=== DATA FOR THIS TASK ===

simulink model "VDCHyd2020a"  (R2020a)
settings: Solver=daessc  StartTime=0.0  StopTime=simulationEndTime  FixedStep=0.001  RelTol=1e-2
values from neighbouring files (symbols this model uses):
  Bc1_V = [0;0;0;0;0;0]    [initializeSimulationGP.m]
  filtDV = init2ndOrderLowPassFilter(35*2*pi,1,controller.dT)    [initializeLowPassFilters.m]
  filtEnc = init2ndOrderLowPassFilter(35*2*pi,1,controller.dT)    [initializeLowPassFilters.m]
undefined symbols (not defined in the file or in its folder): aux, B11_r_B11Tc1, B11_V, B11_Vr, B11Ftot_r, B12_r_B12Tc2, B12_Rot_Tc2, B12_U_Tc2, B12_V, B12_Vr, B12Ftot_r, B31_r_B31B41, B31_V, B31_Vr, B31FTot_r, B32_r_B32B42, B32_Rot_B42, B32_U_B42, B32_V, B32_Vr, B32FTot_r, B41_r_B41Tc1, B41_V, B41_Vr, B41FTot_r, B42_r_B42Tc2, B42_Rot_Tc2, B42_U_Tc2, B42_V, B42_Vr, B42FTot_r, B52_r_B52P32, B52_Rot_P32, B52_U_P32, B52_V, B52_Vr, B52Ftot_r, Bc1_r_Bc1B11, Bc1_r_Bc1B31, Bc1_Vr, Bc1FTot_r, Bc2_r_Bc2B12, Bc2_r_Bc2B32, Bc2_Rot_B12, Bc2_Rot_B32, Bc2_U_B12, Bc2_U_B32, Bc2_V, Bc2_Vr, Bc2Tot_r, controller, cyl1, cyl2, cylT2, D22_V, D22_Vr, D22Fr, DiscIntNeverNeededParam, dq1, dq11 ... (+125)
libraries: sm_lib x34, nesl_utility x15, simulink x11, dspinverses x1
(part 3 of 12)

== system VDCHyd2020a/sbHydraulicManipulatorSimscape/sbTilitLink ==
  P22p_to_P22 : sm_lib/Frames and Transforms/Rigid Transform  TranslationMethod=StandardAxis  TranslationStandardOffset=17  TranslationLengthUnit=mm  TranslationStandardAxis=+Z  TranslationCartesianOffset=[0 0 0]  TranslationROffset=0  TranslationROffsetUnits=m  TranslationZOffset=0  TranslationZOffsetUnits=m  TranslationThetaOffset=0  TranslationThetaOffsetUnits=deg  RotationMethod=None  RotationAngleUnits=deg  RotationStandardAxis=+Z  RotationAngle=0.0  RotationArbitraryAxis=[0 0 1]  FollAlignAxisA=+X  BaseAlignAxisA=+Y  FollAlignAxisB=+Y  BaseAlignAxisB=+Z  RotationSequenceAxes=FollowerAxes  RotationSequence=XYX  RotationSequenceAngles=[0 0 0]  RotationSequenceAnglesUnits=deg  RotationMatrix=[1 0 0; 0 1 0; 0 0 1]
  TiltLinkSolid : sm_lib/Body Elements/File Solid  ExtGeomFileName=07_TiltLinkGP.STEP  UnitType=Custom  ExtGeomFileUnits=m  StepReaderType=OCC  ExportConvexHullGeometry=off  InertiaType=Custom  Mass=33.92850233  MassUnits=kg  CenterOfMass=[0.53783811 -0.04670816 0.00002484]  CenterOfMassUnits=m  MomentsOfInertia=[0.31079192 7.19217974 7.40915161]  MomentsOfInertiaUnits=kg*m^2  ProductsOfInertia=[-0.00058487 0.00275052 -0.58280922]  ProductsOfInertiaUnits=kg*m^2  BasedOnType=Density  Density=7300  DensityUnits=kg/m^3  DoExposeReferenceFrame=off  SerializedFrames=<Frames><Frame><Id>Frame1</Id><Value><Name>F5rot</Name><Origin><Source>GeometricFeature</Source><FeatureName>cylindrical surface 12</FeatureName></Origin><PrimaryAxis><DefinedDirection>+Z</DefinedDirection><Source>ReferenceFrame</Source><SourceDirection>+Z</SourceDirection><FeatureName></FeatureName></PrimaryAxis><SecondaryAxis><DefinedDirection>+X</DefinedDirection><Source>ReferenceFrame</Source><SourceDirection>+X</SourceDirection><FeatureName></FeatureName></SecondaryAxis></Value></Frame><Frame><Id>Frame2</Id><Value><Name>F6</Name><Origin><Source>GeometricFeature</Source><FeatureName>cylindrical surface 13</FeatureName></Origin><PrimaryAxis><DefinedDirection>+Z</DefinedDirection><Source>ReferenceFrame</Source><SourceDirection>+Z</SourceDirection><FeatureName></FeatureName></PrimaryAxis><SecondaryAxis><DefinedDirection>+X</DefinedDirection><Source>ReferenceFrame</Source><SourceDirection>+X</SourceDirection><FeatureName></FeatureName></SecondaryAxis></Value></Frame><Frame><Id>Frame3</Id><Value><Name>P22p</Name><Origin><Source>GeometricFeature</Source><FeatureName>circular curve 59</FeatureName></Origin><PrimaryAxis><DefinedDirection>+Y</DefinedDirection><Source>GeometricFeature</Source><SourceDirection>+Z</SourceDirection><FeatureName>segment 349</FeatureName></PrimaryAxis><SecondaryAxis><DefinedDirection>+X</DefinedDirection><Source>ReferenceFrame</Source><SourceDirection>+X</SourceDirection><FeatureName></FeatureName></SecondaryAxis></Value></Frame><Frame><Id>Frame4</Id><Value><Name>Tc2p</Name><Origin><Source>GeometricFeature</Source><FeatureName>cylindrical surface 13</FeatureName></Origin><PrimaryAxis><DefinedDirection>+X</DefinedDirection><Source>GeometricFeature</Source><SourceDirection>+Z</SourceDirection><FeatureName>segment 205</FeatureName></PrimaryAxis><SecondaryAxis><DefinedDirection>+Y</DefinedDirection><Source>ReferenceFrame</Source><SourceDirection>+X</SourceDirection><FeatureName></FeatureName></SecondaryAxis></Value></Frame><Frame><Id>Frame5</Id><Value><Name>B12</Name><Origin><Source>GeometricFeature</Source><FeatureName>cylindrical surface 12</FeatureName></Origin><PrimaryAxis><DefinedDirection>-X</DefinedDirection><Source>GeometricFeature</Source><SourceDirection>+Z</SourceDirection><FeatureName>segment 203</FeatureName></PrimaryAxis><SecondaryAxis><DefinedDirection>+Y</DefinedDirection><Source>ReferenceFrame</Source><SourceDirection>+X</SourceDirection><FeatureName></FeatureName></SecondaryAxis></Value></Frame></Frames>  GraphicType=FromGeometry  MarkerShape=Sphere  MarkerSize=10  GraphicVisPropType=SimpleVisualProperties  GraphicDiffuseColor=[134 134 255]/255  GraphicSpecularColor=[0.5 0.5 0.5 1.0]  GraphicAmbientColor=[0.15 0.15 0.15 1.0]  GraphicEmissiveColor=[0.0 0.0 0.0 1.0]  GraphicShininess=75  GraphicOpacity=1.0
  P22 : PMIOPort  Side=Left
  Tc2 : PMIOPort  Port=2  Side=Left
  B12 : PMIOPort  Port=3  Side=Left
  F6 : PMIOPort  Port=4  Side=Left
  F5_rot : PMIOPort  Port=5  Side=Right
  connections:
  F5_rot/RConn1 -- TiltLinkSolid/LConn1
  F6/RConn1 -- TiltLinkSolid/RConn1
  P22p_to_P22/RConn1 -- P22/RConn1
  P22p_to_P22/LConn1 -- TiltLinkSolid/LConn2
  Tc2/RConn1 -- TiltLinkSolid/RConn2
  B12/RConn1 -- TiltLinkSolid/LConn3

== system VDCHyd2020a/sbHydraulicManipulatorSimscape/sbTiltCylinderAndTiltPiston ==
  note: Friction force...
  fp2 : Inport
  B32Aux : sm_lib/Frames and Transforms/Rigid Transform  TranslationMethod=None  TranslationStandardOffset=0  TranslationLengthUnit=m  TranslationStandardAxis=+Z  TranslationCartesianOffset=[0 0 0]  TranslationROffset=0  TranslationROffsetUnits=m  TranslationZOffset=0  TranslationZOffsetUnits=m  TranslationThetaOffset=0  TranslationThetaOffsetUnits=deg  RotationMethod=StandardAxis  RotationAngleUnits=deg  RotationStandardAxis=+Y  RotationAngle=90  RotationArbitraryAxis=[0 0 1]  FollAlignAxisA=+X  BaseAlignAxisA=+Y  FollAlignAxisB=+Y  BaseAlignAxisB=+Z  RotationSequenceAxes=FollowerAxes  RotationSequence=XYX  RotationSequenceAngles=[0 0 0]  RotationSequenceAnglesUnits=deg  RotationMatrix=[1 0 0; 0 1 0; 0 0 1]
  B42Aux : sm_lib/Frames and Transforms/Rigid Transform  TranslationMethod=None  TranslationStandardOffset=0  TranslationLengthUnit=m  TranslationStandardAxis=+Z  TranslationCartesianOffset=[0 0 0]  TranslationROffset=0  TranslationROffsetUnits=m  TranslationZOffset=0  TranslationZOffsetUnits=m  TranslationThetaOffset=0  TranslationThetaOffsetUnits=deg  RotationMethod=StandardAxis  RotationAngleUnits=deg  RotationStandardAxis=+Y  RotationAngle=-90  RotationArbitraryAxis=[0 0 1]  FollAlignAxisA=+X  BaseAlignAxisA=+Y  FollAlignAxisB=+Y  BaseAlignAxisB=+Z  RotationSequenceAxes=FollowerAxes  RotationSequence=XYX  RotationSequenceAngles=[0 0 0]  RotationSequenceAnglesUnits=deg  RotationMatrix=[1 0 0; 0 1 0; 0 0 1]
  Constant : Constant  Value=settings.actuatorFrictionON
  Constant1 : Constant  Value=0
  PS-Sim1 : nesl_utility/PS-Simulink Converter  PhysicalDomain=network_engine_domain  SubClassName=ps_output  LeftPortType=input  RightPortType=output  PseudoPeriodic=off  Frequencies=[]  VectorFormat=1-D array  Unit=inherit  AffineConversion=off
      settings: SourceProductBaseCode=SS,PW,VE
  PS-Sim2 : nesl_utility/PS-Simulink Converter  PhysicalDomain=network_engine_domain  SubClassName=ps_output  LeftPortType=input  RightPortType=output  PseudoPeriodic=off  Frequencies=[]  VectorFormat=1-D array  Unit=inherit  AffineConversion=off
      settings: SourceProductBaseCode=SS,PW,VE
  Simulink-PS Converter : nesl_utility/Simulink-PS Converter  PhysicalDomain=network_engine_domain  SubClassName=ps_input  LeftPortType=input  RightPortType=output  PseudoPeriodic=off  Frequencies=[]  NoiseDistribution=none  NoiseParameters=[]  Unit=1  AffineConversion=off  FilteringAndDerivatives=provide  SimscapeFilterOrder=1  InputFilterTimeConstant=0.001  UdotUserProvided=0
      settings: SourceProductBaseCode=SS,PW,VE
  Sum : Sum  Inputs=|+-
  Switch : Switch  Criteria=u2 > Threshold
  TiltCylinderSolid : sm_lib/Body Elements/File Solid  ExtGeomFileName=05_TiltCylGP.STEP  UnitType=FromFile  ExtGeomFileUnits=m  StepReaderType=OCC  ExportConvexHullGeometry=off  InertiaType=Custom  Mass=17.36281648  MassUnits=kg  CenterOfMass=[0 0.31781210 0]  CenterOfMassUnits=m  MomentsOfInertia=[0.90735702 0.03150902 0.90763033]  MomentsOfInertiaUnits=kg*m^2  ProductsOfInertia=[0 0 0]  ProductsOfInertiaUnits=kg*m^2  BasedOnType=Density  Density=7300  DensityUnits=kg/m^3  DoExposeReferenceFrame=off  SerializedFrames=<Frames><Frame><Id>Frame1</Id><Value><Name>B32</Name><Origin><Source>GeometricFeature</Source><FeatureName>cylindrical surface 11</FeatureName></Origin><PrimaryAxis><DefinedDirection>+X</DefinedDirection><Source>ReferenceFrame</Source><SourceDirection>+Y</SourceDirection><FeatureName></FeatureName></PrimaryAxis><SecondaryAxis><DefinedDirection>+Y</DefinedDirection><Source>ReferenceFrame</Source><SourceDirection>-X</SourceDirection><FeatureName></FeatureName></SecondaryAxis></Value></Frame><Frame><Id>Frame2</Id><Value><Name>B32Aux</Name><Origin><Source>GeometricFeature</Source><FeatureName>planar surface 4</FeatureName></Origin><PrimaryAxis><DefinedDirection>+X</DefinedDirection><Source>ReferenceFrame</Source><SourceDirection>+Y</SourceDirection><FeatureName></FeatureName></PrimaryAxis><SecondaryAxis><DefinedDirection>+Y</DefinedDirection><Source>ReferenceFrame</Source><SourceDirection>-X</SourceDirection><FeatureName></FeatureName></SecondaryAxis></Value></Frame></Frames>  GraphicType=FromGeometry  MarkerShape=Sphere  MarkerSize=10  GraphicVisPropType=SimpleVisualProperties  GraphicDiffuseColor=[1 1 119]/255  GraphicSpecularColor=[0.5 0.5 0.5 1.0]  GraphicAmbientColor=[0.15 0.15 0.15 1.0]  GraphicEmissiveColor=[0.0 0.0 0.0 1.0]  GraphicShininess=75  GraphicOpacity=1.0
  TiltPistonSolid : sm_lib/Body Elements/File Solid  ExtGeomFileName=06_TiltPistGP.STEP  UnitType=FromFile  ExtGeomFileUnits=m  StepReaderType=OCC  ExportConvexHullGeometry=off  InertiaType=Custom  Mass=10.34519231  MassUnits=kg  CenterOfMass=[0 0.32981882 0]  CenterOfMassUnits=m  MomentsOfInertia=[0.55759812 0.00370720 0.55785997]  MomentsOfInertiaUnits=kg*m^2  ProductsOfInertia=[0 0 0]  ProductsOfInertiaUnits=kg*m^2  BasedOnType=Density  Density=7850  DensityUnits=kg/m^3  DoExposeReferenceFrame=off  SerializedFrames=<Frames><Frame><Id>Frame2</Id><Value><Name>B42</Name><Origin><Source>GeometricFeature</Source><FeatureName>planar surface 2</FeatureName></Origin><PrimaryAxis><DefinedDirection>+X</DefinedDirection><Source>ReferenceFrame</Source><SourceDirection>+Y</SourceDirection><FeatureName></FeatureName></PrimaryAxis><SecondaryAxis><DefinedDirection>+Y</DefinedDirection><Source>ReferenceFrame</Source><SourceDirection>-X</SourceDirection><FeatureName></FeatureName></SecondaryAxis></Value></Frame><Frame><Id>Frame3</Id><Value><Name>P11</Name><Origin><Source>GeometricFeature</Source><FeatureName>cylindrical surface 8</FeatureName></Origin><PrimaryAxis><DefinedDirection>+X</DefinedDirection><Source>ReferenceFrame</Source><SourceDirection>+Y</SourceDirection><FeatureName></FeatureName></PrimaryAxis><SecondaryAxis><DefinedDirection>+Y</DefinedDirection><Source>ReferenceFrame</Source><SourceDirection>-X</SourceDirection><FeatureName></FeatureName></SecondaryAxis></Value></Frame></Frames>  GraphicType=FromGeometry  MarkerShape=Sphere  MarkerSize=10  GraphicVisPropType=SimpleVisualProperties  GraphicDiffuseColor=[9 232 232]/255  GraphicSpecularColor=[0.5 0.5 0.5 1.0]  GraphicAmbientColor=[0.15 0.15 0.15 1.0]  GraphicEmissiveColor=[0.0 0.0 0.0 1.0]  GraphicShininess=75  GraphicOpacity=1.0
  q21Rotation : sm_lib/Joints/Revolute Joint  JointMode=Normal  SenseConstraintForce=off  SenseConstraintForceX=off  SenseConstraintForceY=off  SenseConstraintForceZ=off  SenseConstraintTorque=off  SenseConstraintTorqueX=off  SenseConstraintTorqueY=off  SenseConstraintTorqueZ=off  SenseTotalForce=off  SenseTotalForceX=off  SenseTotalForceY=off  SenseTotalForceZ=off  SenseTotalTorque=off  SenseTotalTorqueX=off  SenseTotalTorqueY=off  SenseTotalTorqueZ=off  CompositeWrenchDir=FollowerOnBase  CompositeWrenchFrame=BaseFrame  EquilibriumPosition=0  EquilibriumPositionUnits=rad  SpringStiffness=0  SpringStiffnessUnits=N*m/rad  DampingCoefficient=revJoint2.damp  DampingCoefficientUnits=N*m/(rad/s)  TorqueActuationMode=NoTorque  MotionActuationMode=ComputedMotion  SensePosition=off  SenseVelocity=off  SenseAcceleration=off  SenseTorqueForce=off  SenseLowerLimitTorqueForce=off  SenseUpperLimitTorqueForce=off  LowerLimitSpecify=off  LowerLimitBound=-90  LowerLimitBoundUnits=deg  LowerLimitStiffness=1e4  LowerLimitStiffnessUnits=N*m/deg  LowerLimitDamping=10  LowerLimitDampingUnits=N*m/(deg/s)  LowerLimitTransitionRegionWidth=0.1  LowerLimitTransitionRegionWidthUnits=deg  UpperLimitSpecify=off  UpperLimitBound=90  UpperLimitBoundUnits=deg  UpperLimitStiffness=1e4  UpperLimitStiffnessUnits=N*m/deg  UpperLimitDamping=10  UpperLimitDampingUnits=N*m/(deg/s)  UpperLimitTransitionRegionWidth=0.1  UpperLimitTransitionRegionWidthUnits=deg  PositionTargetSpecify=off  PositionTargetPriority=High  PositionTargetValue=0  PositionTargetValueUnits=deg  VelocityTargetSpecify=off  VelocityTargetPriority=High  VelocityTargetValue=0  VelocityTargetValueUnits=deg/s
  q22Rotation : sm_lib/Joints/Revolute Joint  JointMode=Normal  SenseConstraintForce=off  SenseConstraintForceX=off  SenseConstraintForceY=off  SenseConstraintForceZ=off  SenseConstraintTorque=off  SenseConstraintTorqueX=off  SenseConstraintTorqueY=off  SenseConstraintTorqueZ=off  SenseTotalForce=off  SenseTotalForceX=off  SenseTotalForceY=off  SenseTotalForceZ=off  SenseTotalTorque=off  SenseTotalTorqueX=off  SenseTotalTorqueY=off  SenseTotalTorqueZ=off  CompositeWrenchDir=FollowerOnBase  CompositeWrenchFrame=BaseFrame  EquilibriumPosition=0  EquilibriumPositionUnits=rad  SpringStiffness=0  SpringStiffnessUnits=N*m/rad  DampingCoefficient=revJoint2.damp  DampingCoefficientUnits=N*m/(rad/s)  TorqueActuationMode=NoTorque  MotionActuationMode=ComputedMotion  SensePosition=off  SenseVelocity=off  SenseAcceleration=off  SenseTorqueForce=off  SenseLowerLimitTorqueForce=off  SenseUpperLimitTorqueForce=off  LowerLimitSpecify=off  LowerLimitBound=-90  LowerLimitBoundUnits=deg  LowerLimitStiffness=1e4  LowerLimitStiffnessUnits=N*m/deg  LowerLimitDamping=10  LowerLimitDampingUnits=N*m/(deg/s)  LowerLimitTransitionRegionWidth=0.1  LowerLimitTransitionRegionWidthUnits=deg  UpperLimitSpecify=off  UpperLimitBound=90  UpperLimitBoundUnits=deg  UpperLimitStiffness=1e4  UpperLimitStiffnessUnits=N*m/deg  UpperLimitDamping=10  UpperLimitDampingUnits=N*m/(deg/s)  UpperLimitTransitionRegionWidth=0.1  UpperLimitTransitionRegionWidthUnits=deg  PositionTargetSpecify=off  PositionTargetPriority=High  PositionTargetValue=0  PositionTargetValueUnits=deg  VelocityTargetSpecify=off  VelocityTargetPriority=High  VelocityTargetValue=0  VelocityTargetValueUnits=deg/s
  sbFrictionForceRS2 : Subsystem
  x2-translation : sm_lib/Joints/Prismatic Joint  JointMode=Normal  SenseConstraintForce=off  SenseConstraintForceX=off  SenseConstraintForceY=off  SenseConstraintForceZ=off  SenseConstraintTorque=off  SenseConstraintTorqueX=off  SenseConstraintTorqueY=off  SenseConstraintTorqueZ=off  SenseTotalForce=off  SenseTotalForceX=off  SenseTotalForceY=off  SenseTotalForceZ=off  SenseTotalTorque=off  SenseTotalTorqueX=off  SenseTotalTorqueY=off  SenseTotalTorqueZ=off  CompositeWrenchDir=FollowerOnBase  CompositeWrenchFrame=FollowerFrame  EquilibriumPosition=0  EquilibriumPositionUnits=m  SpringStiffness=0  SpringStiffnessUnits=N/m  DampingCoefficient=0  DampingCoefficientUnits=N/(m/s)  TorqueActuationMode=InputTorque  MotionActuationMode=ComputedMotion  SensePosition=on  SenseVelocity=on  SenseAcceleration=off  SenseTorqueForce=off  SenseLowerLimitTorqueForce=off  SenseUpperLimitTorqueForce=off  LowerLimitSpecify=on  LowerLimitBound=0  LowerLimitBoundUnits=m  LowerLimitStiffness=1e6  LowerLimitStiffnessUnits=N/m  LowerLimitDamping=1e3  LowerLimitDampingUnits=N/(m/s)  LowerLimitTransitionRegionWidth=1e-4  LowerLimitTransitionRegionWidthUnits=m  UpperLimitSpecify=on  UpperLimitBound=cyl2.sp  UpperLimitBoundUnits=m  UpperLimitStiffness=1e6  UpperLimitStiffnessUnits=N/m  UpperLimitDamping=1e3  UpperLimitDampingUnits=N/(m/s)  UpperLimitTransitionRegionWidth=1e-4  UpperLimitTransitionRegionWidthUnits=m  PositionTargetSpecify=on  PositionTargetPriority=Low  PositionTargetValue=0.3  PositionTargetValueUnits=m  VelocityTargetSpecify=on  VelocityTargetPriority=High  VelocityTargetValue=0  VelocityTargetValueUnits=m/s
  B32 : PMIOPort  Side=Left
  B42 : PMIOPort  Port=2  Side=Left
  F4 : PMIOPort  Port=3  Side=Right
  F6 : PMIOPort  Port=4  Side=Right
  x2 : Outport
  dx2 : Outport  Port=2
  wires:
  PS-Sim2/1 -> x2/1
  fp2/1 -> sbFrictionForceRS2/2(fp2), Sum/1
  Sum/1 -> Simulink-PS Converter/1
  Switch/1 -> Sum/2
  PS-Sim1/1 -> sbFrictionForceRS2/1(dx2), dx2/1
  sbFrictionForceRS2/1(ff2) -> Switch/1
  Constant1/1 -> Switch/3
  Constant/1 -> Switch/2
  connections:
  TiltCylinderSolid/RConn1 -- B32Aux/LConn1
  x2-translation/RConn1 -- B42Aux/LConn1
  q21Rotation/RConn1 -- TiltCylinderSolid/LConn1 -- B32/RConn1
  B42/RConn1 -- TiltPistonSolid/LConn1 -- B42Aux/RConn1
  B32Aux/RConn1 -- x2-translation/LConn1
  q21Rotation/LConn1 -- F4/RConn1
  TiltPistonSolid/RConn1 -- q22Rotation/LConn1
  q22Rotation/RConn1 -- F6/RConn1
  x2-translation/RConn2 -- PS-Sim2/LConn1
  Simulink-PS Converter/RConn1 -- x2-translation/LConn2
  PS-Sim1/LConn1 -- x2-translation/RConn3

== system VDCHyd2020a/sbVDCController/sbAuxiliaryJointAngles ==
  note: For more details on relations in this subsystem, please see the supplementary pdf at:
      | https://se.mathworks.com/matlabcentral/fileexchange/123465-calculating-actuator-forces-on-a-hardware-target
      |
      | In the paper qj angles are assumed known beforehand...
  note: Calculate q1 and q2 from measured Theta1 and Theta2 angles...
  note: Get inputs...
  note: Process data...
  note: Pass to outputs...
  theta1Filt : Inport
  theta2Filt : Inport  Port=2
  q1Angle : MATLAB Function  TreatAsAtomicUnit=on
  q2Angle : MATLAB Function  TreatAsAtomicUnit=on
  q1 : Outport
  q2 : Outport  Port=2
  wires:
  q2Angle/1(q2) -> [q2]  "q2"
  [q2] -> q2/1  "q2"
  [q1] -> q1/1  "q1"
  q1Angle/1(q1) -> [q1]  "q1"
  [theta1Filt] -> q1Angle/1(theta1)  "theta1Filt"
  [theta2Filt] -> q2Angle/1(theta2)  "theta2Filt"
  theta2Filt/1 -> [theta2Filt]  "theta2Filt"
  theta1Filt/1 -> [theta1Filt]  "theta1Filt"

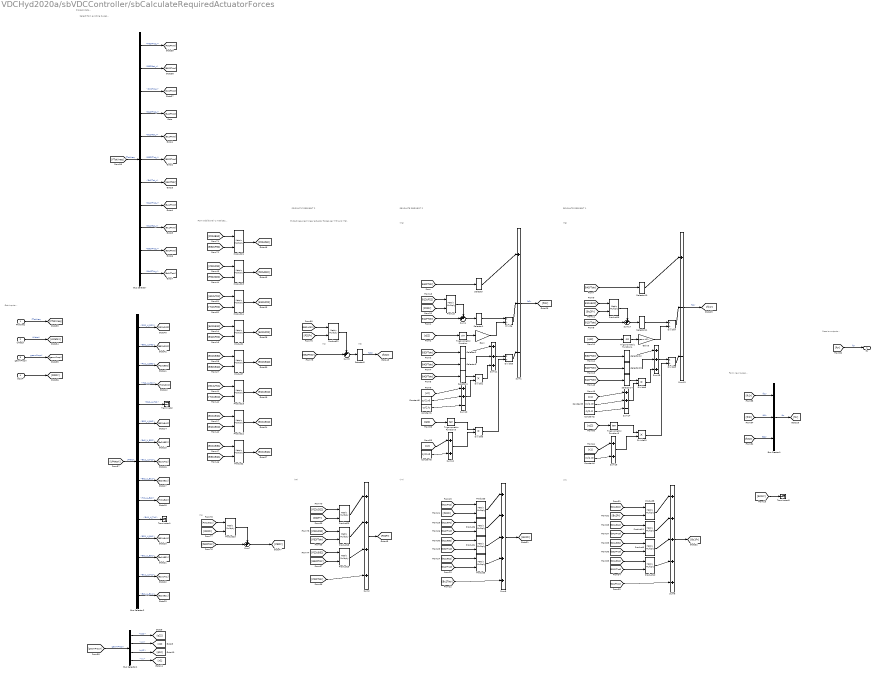
== system VDCHyd2020a/sbVDCController/sbCalculateRequiredActuatorForces ==
  note: (73)
  note: Get inputs...
  note: Select from existing buses...
  note: Form additional U matrices...
  note: (76)
  note: (76)
  note: (77)
  note: (77)
  note: Extract required linear actuator forces per (73) and (76).
  note: Process data...
  note: Form new buses...
  note: Pass to outputs...
  note: (74)
  note: (71)
  note: (72)
  note: REVOLUTE SEGMENT 2
  note: REVOLUTE SEGMENT 1
  note: PRISMATIC SEGMENT 2
  FTotXreq : Inport
  UMatsX : Inport  Port=2
  geomPropX : Inport  Port=3
  D22Fr : Inport  Port=4
  Bus Creator1 : BusCreator  Inputs=fc1r,fc2r,fct2r
  Bus Selector : BusSelector  OutputSignals=FTotPS2req.P32FTot_r,FTotPS2req.B52Ftot_r,FTotPS2req.P22Tot_r,FTotRS2req.B42FTot_r,FTotRS2req.B12Ftot_r,FTotRS2req.B32FTot_r,FTotRS2req.Bc2Tot_r,FTotRS1req.B41FTot_r,FTotRS1req.B11Ftot_r,FTotRS1req.B31FTot_r,FTotRS1req.Bc1FTot_r
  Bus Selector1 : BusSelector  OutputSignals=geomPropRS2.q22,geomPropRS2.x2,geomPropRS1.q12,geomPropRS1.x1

===

WHAT THIS TASK INVOLVES: Copy exactly the lines above, starting at the opening line and finishing at the line in which "filtEnc = init2ndOrderLowPassFilter(35*2*pi,1,controller.dT)" occurs.

SOLUTION TO THE PROBLEM:
simulink model "VDCHyd2020a"  (R2020a)
settings: Solver=daessc  StartTime=0.0  StopTime=simulationEndTime  FixedStep=0.001  RelTol=1e-2
values from neighbouring files (symbols this model uses):
  Bc1_V = [0;0;0;0;0;0]    [initializeSimulationGP.m]
  filtDV = init2ndOrderLowPassFilter(35*2*pi,1,controller.dT)    [initializeLowPassFilters.m]
  filtEnc = init2ndOrderLowPassFilter(35*2*pi,1,controller.dT)    [initializeLowPassFilters.m]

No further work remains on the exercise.